EXTRACTED INFORMATION below:

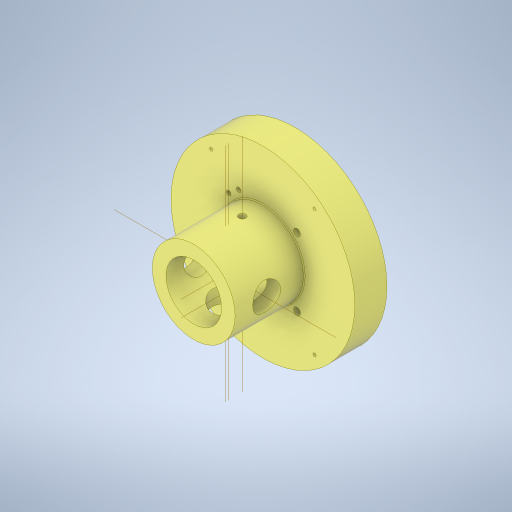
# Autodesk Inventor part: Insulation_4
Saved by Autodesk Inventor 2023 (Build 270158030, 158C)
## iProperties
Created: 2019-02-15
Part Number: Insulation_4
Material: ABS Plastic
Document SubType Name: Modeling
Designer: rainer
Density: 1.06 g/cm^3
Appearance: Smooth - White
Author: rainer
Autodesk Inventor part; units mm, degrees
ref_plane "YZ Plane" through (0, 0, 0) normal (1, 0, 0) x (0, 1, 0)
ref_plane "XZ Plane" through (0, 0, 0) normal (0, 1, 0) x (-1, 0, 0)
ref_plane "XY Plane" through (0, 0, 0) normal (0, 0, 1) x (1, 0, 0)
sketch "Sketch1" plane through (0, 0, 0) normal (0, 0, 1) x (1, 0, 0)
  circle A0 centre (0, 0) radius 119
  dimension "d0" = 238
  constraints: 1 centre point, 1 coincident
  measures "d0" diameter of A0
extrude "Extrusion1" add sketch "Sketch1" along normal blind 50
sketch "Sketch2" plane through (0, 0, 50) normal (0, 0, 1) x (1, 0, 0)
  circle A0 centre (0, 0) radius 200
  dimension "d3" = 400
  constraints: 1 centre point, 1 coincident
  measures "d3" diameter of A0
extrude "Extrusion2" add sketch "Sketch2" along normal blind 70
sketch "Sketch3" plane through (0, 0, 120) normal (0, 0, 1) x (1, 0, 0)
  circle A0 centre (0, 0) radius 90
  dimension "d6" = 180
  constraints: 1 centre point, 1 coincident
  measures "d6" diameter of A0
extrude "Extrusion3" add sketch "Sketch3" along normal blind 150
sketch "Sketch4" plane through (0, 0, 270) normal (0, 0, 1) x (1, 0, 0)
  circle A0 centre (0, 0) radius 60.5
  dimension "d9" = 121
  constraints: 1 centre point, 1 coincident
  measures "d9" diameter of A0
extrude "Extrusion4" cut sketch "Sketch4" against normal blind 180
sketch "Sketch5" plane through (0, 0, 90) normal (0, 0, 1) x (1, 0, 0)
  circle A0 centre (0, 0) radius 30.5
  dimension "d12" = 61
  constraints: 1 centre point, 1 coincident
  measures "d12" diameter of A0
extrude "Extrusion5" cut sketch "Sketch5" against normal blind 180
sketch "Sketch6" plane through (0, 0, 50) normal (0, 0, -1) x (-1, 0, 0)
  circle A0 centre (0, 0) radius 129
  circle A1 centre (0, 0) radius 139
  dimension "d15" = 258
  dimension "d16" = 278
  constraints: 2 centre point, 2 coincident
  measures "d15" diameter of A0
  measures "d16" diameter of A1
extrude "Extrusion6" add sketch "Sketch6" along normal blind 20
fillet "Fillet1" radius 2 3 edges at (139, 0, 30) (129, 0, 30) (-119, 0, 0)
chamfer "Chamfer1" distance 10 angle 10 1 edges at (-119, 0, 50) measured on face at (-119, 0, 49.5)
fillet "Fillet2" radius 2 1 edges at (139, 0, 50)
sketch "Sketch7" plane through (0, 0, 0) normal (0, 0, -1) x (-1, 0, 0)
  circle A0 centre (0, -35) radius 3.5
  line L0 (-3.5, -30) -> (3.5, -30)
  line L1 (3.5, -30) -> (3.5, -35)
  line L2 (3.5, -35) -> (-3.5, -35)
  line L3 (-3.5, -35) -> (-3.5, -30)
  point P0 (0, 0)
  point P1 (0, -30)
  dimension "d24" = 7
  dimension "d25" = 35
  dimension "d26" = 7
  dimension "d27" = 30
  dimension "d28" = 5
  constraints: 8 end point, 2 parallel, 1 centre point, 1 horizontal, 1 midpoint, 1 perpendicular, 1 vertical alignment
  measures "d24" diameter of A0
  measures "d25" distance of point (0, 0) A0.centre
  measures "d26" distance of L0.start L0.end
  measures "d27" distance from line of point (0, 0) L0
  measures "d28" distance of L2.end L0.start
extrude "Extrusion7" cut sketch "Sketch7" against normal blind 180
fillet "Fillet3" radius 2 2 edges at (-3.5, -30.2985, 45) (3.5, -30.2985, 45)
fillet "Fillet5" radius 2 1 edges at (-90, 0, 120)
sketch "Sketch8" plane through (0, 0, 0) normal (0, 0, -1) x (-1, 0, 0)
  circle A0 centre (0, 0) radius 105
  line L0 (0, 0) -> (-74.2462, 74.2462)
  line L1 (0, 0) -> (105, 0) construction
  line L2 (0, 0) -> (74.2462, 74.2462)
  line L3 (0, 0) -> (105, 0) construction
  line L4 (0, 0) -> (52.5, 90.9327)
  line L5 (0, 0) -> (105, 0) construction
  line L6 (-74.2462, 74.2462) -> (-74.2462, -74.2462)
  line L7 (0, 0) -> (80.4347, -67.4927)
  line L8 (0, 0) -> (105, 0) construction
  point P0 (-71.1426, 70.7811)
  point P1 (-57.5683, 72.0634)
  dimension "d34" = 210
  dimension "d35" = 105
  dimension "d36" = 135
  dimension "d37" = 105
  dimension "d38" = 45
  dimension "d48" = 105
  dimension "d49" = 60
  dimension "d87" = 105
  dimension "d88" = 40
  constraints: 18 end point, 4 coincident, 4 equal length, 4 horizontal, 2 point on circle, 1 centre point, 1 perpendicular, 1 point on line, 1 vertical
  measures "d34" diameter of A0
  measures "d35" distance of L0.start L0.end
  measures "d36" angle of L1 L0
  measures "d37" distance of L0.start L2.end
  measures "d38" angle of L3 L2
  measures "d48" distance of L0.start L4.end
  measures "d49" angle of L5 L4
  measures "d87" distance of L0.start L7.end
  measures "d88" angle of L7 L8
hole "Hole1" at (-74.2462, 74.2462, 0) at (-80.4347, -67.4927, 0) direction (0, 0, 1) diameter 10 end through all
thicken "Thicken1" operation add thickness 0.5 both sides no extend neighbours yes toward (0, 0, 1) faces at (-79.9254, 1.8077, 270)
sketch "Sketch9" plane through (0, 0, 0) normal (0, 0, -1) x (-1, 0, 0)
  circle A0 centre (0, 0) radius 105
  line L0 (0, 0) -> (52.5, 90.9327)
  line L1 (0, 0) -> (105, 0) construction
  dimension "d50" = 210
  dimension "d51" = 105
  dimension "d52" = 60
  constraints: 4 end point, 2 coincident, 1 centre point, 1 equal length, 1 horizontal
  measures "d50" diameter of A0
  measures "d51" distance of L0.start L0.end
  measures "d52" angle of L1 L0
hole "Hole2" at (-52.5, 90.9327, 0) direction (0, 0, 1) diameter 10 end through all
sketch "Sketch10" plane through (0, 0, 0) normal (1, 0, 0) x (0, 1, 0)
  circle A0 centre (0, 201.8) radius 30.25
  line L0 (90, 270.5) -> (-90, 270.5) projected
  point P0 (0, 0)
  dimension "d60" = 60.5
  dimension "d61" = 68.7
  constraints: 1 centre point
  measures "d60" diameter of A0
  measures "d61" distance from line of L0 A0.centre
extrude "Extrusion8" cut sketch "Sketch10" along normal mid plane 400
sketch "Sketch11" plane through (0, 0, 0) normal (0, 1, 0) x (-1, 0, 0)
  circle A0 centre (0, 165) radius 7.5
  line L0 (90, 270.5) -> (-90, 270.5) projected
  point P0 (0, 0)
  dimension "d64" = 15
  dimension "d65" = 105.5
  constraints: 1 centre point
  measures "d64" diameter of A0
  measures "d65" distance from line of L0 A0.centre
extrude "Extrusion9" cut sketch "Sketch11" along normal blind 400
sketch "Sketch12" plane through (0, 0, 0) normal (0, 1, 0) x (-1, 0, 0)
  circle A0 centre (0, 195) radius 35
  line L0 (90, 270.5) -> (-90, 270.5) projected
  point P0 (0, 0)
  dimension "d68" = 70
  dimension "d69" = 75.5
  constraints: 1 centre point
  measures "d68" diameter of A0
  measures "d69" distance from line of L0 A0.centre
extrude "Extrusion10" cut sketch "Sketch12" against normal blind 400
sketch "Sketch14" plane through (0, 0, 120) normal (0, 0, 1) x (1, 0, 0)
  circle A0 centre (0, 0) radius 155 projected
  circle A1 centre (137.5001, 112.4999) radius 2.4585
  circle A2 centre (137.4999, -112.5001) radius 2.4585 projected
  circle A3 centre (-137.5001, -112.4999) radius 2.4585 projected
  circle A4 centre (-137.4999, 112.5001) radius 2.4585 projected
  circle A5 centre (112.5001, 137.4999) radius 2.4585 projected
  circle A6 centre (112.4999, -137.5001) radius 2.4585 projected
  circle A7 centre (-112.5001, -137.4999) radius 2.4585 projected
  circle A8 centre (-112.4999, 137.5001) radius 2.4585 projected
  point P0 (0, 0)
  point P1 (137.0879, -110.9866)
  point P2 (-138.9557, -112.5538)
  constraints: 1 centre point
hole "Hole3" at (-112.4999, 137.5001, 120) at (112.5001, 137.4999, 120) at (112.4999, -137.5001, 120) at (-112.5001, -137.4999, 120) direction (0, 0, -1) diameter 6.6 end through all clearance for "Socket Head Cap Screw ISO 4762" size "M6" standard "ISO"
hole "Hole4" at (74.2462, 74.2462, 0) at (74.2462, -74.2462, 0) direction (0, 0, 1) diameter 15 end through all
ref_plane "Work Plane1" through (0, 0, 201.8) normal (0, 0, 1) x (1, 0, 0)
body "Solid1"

End of EXTRACTED INFORMATION.

TASK OBJECTIVE
Print, without alteration, only the lines above between the one holding "circle A1 centre (137.5001, 112.4999)" and the one holding "circle A5 centre", inclusive.

EXERCISE ANSWER
  circle A1 centre (137.5001, 112.4999) radius 2.4585
  circle A2 centre (137.4999, -112.5001) radius 2.4585 projected
  circle A3 centre (-137.5001, -112.4999) radius 2.4585 projected
  circle A4 centre (-137.4999, 112.5001) radius 2.4585 projected
  circle A5 centre (112.5001, 137.4999) radius 2.4585 projected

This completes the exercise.